Post#3 at 07-04-2001 03:12 AM by imported_Webmaster2 [at Antioch, CA joined Jun 2001 #posts 1,279]
---
07-04-2001, 03:12 AM #3
Join Date
Jun 2001
Location
Antioch, CA
Posts
1,279

Posted by: Robert
Date posted: Mon Jun 25 21:16:21 2001
Subject: Recession or Depression?
Message:
One of the most sinister aspects of what is going on is it's slow motion sort of quality. Green$pan cuts interest rates, everyone feels better for a few weeks and then the economy continues its downward creep. Everyone expected a recovery in the second quarter but that didn't materialize. Now everyone is hoping for recovery in the second half.

I wouldn't doubt that another rate cut is in the works for this FOMC meeting but will it do any good? Japan has cut rates to zero and they are still in a recession if not depression. The only thing holding them up is us. If our economy goes down the tubes we will drag Asia and Europe with us. We could be in for a 30's style depression. As the unemployment numbers continue to go up watch for some political turmoil.







Post#4 at 07-04-2001 03:12 AM by imported_Webmaster2 [at Antioch, CA joined Jun 2001 #posts 1,279]
---
07-04-2001, 03:12 AM #4
Join Date
Jun 2001
Location
Antioch, CA
Posts
1,279

Posted by:Robert Reed '82 (Robert Reed '82 )

Company/Organization:Open Space Movement
Date posted: Tue Jun 26 10:26:54 2001
Subject: Great Depression II
Message:
http://www.larouchepub.com/lar/2001/2825_greenspin.html
To me, one of the major questions is, "Is this the big one?" Or is this just an ordinary recession that means nothing? Is this a 3T recession, or a 4T depression? From the new info, this is starting to look more like a depression than a recession. Maybe not as deep as the 1930s depression, but with hard economic times nonetheless.

Another important aspect is the $1.3 trillion tax cut. How will this affect the economy? Will it make a difference? Probably not. For the economy to run, people have to buy services. If only the rich get tax cuts, it won't make a difference because the consumers will not have more capital to buy from the rich.

The gas prices have lowered significantly, so we seem safe in that area for now.







Post#5 at 07-04-2001 03:12 AM by imported_Webmaster2 [at Antioch, CA joined Jun 2001 #posts 1,279]
---
07-04-2001, 03:12 AM #5
Join Date
Jun 2001
Location
Antioch, CA
Posts
1,279

Posted by: Robert
Date posted: Tue Jun 26 12:33:38 2001
Subject: Tax Cut
Message:
The tax cut will make absolutely no difference. As financial newsletter writer Steve Puetz says the tax cut is "value neutral". It makes no difference if the Government spends the money or if the Taxpayer spends the money.
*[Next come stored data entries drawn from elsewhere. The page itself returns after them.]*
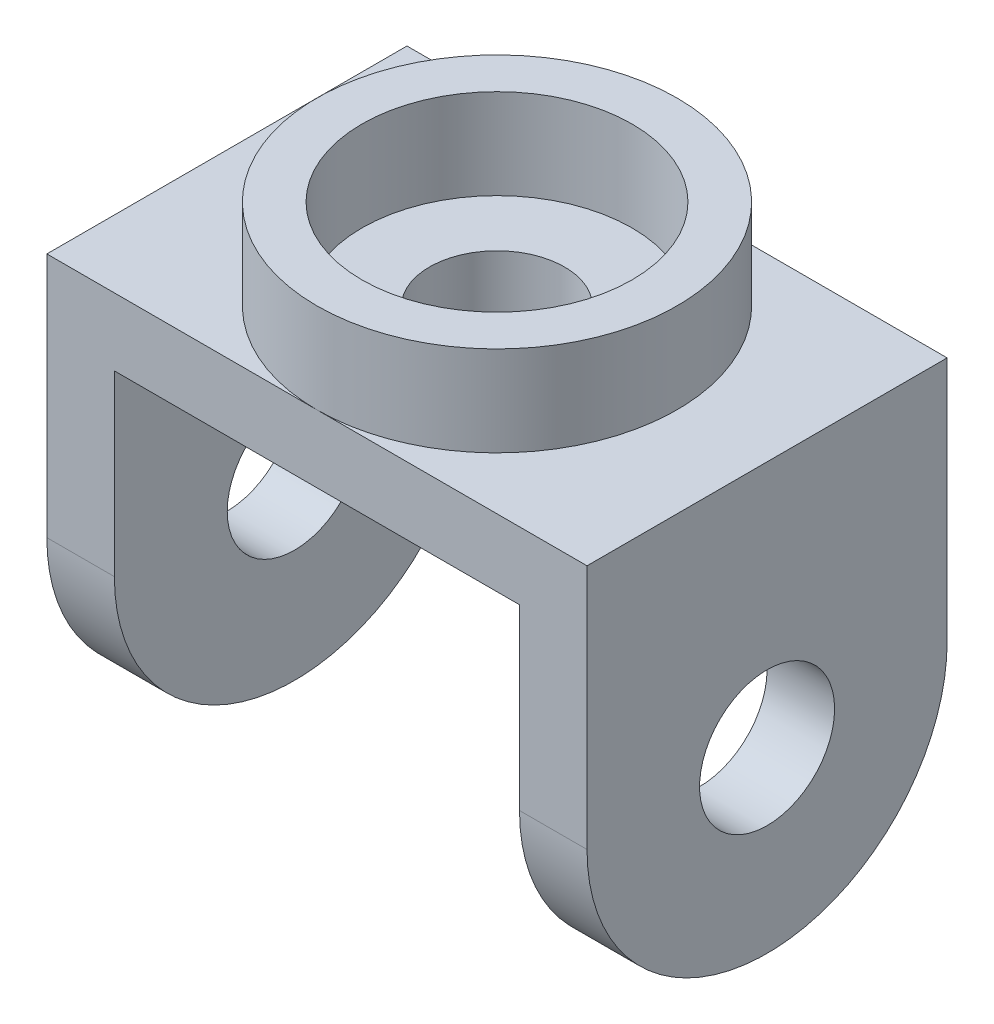
SolidWorks part; units mm, degrees
ref_plane "Front Plane" through (0, 0, 0) normal (0, 0, 1) x (1, 0, 0)
ref_plane "Top Plane" through (0, 0, 0) normal (0, 1, 0) x (1, 0, 0)
ref_plane "Right Plane" through (0, 0, 0) normal (1, 0, 0) x (0, 0, -1)
sketch "Sketch2" plane through (0, 0, 0) normal (0, 1, 0) x (1, 0, 0)
  line L0 (-15.24, 0) -> (15.24, 0) construction
  line L1 (-15.24, -10.16) -> (15.24, -10.16)
  line L2 (-15.24, -10.16) -> (-15.24, 10.16)
  line L3 (-15.24, 10.16) -> (15.24, 10.16)
  line L4 (15.24, -10.16) -> (15.24, 10.16)
  line L5 (-15.24, -10.16) -> (15.24, 10.16) construction
  line L6 (-15.24, 10.16) -> (15.24, -10.16) construction
  point P0 (0, 0)
  dimension "D1" = 20.32
  dimension "D2" = 30.48
extrude "Boss-Extrude1" add sketch "Sketch2" along normal blind 3.81
sketch "Sketch3" plane through (0, 3.81, 0) normal (0, 1, 0) x (1, 0, 0)
  circle A0 centre (0, 0) radius 10.16
  circle A1 centre (0, 0) radius 76.2
  circle A2 centre (0, 0) radius 7.62
  dimension "D1" = 15.24
  dimension "D2" = 20.32
extrude "Boss-Extrude2" add sketch "Sketch3" along normal blind 5.08 contours A0 A2
sketch "Sketch4" plane through (0, 3.81, 0) normal (0, 1, 0) x (1, 0, 0)
  circle A0 centre (0, 0) radius 3.81
  dimension "D1" = 7.62
extrude "Cut-Extrude1" cut sketch "Sketch4" against normal through all
sketch "Sketch6" plane through (15.24, 0, 0) normal (1, 0, 0) x (0, 0, -1)
  line L0 (-10.16, 3.81) -> (-10.16, -10.0548)
  line L1 (10.16, 3.81) -> (10.16, -10.0548)
  line L3 (-10.16, 3.81) -> (10.16, 3.81)
  arc A0 (-10.16, -10.0548) -> (10.16, -10.0548) centre (0, -10.0548) ccw
  dimension "D2" = 10.16
  dimension "D1" = 13.8648
extrude "Boss-Extrude3" add sketch "Sketch6" against normal blind 3.81
sketch "Sketch11" plane through (15.24, 0, 0) normal (1, 0, 0) x (0, 0, -1)
  line L0 (-10.16, 3.81) -> (10.16, 3.81) construction
  circle A0 centre (0, -10.16) radius 3.81
  dimension "D1" = 7.62
  dimension "D2" = 13.97
extrude "Cut-Extrude3" cut sketch "Sketch11" against normal blind 3.81
ref_plane "Plane4" through (-15.24, 0, 0) normal (-1, 0, 0) x (0, 0, 1)
sketch "Sketch12" plane through (-15.24, 0, 0) normal (-1, 0, 0) x (0, 0, 1)
  line L0 (-10.16, 3.81) -> (-10.16, -10.0548)
  line L1 (-10.16, 3.81) -> (10.16, 3.81)
  line L2 (10.16, 3.81) -> (10.16, -10.0548)
  arc A0 (-10.16, -10.0548) -> (10.16, -10.0548) centre (0, -10.0548) ccw
  circle A1 centre (0, -10.0548) radius 3.7918
extrude "Boss-Extrude5" add sketch "Sketch12" against normal blind 3.81
sketch "Sketch14" plane through (11.43, 0, 0) normal (-1, 0, 0) x (0, 0, 1)
  circle A0 centre (0, -10.16) radius 3.7929

It gets spent either way. The same is true of the paydown in government debt in recent years. The government got a windfall in larger than normal tax reciepts from people buying and selling in the stock market bubble. The stock market bubble was created with money that was borrowed in the private sector. Basically all it was was an elaborate way to transfer debt from the Public Sector to the Private Sector. In the end however it doesn't make any difference who borrowed all that money (Total Aggregate Debt is now 28 Trillion dollars)we are all on the hook for that debt and we will all suffer when it is defaulted on.







Post#6 at 07-04-2001 03:13 AM by imported_Webmaster2 [at Antioch, CA joined Jun 2001 #posts 1,279]
---
07-04-2001, 03:13 AM #6
Join Date
Jun 2001
Location
Antioch, CA
Posts
1,279

Posted by:Robert Reed '82 (Robert Reed '82 )

Company/Organization:Open Space Movement
Date posted: Wed Jun 27 12:44:55 2001
Subject: Interest Rates
Message:
Yeah, I noticed today that even though Greenspan lower interest rates by 1/4th of a point, the stock markets are still down.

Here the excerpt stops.